Chickenpox , also known as varicella, is a common childhood disease. While chickenpox is usually mild—characterized by itchy spots, a fever, and tiredness—it can be serious, especially in infants and adults. In fact, in the United States, about 12,000 people are hospitalized and 100 people die as a result of chickenpox each year.

The chickenpox vaccine became available in the United States in 1995. Since then, the incidence of chickenpox has decreased substantially. But recent reports of chickenpox outbreaks in groups with high immunization rates have raised questions about the effectiveness of the chickenpox vaccine.

A new study in the February 18, 2004 issue of the Journal of the American Medical Association found that the effectiveness of the chickenpox vaccine decreases significantly within the first year following vaccination. In addition, the vaccine was found to be less effective if it was administered to children younger than 15 months of age.

About the Study

This study included 339 children ages 13 months to 16 years who were diagnosed with chickenpox.

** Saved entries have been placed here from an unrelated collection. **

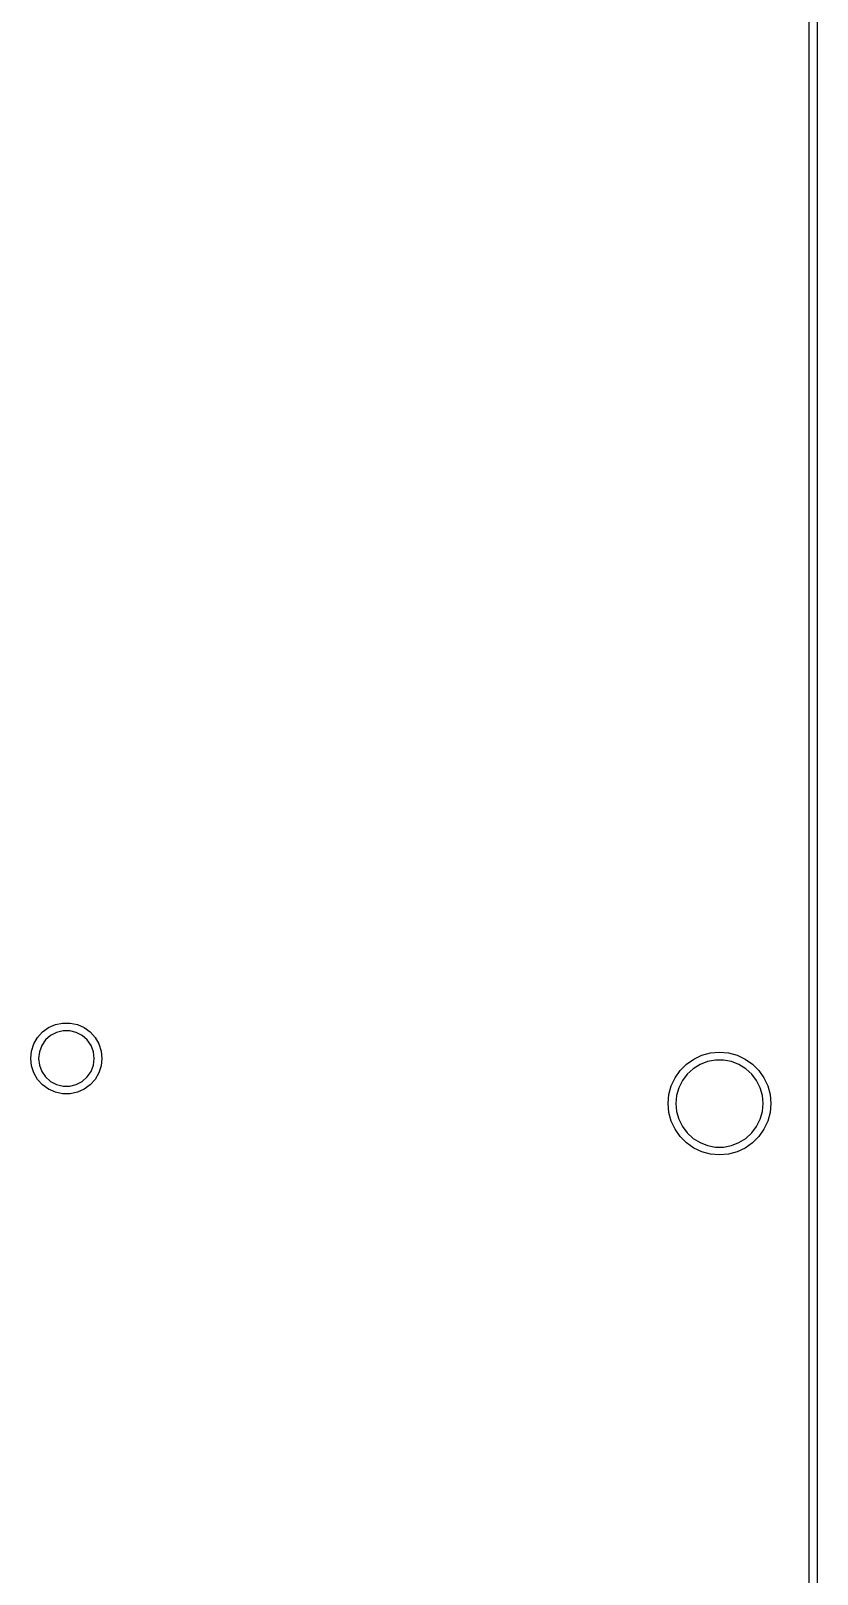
# Model space of a CAD drawing. Extents: x 0 to 6.5, y -7.51 to 0.
# Drawn here: x 5.72 to 6.504, y -3.562 to -2.024 of the extents above; entities that cross this region are included whole.
import ezdxf

# ---------------------------------------------------------------- set-up
doc = ezdxf.new("R2010")
doc.units = 0
doc.header["$MEASUREMENT"] = 0
doc.layers.add('BLACK', color=7, linetype='CONTINUOUS')

msp = doc.modelspace()

# ---------------------------------------------------------------- linework, layer by layer
at = {"layer": 'BLACK', "linetype": 'CONTINUOUS'}
for p, q in [((6.4961, -5.6269), (6.4961, -1.8787)), ((6.5039, -1.8764), (6.5039, -5.6292)), ((5.7445, -3.0144), (5.7517, -3.0128)), ((5.7517, -3.0128), (5.7591, -3.0128)), ((5.7591, -3.0128), (5.7664, -3.0144)), ((5.723, -3.0336), (5.7267, -3.0272)), ((5.7267, -3.0272), (5.7317, -3.0217)), ((5.7317, -3.0217), (5.7377, -3.0174)), ((5.7396, -3.0252), (5.7346, -3.0296)), ((5.7377, -3.0174), (5.7445, -3.0144)), ((5.7456, -3.0221), (5.7396, -3.0252)), ((5.7521, -3.0205), (5.7456, -3.0221)), ((5.7588, -3.0205), (5.7521, -3.0205)), ((5.7653, -3.0221), (5.7588, -3.0205)), ((5.7712, -3.0252), (5.7653, -3.0221)), ((5.7664, -3.0144), (5.7731, -3.0174)), ((5.7762, -3.0296), (5.7712, -3.0252)), ((5.7731, -3.0174), (5.7791, -3.0217)), ((5.7791, -3.0217), (5.7841, -3.0272)), ((5.7841, -3.0272), (5.7878, -3.0336)), ((5.72, -3.0481), (5.7207, -3.0407)), ((5.7207, -3.0407), (5.723, -3.0336)), ((5.7285, -3.0414), (5.7276, -3.0481)), ((5.7308, -3.0352), (5.7285, -3.0414)), ((5.7346, -3.0296), (5.7308, -3.0352)), ((5.78, -3.0352), (5.7762, -3.0296)), ((5.7824, -3.0414), (5.78, -3.0352)), ((5.7832, -3.0481), (5.7824, -3.0414)), ((5.7878, -3.0336), (5.7901, -3.0407)), ((5.7901, -3.0407), (5.7908, -3.0481)), ((6.3891, -3.0449), (6.3977, -3.0426)), ((6.3977, -3.0426), (6.4066, -3.0418)), ((6.4066, -3.0418), (6.4155, -3.0426)), ((6.4155, -3.0426), (6.4241, -3.0449)), ((5.7207, -3.0554), (5.72, -3.0481)), ((5.723, -3.0625), (5.7207, -3.0554)), ((5.7276, -3.0481), (5.7285, -3.0547)), ((5.7285, -3.0547), (5.7308, -3.061)), ((5.78, -3.061), (5.7824, -3.0547)), ((5.7824, -3.0547), (5.7832, -3.0481)), ((5.7901, -3.0554), (5.7878, -3.0625)), ((5.7908, -3.0481), (5.7901, -3.0554)), ((6.3674, -3.0601), (6.3737, -3.0538)), ((6.3737, -3.0538), (6.381, -3.0487)), ((6.3804, -3.0583), (6.3744, -3.0637)), ((6.3872, -3.0541), (6.3804, -3.0583)), ((6.381, -3.0487), (6.3891, -3.0449)), ((6.3947, -3.0512), (6.3872, -3.0541)), ((6.4026, -3.0497), (6.3947, -3.0512)), ((6.4106, -3.0497), (6.4026, -3.0497)), ((6.4185, -3.0512), (6.4106, -3.0497)), ((6.426, -3.0541), (6.4185, -3.0512)), ((6.4241, -3.0449), (6.4322, -3.0487)), ((6.4328, -3.0583), (6.426, -3.0541)), ((6.4322, -3.0487), (6.4395, -3.0538)), ((6.4387, -3.0637), (6.4328, -3.0583)), ((6.4395, -3.0538), (6.4458, -3.0601)), ((5.7267, -3.0689), (5.723, -3.0625)), ((5.7317, -3.0744), (5.7267, -3.0689)), ((5.7308, -3.061), (5.7346, -3.0665)), ((5.7377, -3.0787), (5.7317, -3.0744)), ((5.7346, -3.0665), (5.7396, -3.0709)), ((5.7396, -3.0709), (5.7456, -3.074)), ((5.7456, -3.074), (5.7521, -3.0756)), ((5.7588, -3.0756), (5.7653, -3.074)), ((5.7653, -3.074), (5.7712, -3.0709)), ((5.7712, -3.0709), (5.7762, -3.0665)), ((5.7791, -3.0744), (5.7731, -3.0787)), ((5.7762, -3.0665), (5.78, -3.061)), ((5.7841, -3.0689), (5.7791, -3.0744)), ((5.7878, -3.0625), (5.7841, -3.0689)), ((6.3585, -3.0755), (6.3623, -3.0674)), ((6.3623, -3.0674), (6.3674, -3.0601)), ((6.3696, -3.0701), (6.366, -3.0773)), ((6.3744, -3.0637), (6.3696, -3.0701)), ((6.4436, -3.0701), (6.4387, -3.0637)), ((6.4471, -3.0773), (6.4436, -3.0701)), ((6.4458, -3.0601), (6.4509, -3.0674)), ((6.4509, -3.0674), (6.4547, -3.0755)), ((5.7445, -3.0818), (5.7377, -3.0787)), ((5.7517, -3.0833), (5.7445, -3.0818)), ((5.7591, -3.0833), (5.7517, -3.0833)), ((5.7521, -3.0756), (5.7588, -3.0756)), ((5.7664, -3.0818), (5.7591, -3.0833)), ((5.7731, -3.0787), (5.7664, -3.0818)), ((6.3554, -3.093), (6.3562, -3.0841)), ((6.3562, -3.0841), (6.3585, -3.0755)), ((6.3638, -3.085), (6.3631, -3.093)), ((6.366, -3.0773), (6.3638, -3.085)), ((6.4493, -3.085), (6.4471, -3.0773)), ((6.4501, -3.093), (6.4493, -3.085)), ((6.4547, -3.0755), (6.457, -3.0841)), ((6.457, -3.0841), (6.4578, -3.093)), ((6.3562, -3.1019), (6.3554, -3.093)), ((6.3585, -3.1105), (6.3562, -3.1019)), ((6.3631, -3.093), (6.3638, -3.101)), ((6.3638, -3.101), (6.366, -3.1087)), ((6.4471, -3.1087), (6.4493, -3.101)), ((6.4493, -3.101), (6.4501, -3.093)), ((6.457, -3.1019), (6.4547, -3.1105)), ((6.4578, -3.093), (6.457, -3.1019)), ((6.3623, -3.1186), (6.3585, -3.1105)), ((6.3674, -3.1259), (6.3623, -3.1186)), ((6.366, -3.1087), (6.3696, -3.1159)), ((6.3696, -3.1159), (6.3744, -3.1223)), ((6.4387, -3.1223), (6.4436, -3.1159)), ((6.4436, -3.1159), (6.4471, -3.1087)), ((6.4509, -3.1186), (6.4458, -3.1259)), ((6.4547, -3.1105), (6.4509, -3.1186)), ((6.3737, -3.1322), (6.3674, -3.1259)), ((6.381, -3.1373), (6.3737, -3.1322)), ((6.3744, -3.1223), (6.3804, -3.1277)), ((6.3804, -3.1277), (6.3872, -3.1319)), ((6.3872, -3.1319), (6.3947, -3.1348)), ((6.3947, -3.1348), (6.4026, -3.1363)), ((6.4026, -3.1363), (6.4106, -3.1363)), ((6.4106, -3.1363), (6.4185, -3.1348)), ((6.4185, -3.1348), (6.426, -3.1319)), ((6.426, -3.1319), (6.4328, -3.1277)), ((6.4395, -3.1322), (6.4322, -3.1373)), ((6.4328, -3.1277), (6.4387, -3.1223)), ((6.4458, -3.1259), (6.4395, -3.1322)), ((6.3891, -3.1411), (6.381, -3.1373)), ((6.3977, -3.1434), (6.3891, -3.1411)), ((6.4066, -3.1442), (6.3977, -3.1434)), ((6.4155, -3.1434), (6.4066, -3.1442)), ((6.4241, -3.1411), (6.4155, -3.1434)), ((6.4322, -3.1373), (6.4241, -3.1411))]:
    msp.add_line(p, q, dxfattribs=at)

doc.saveas('drawing.dxf')

These children were age-matched with 669 children who had not had chickenpox (the control group).

A research assistant visited the homes of children with suspected chickenpox 3–5 days after they developed symptoms. The research assistant rated the severity of each child’s illness, based on number and type of lesions, severity of fever and other symptoms, and a subjective assessment. Chickenpox was diagnosed only if virus was detected in skin rashes by a specialized laboratory technique known as polymerase chain reaction (PCR). For all children, the researchers recorded if and/or when the child had been vaccinated for chickenpox.

From this information, the researchers calculated the effectiveness of the vaccine, taking into account the time since vaccination and the child’s age at vaccination.

The Findings

Overall, the chickenpox vaccine was 87% effective. In other words, vaccinated children were 87% less likely than the unvaccinated children to develop chickenpox. Furthermore, chickenpox was significantly more severe in unvaccinated children. Most cases of chickenpox in vaccinated children were mild.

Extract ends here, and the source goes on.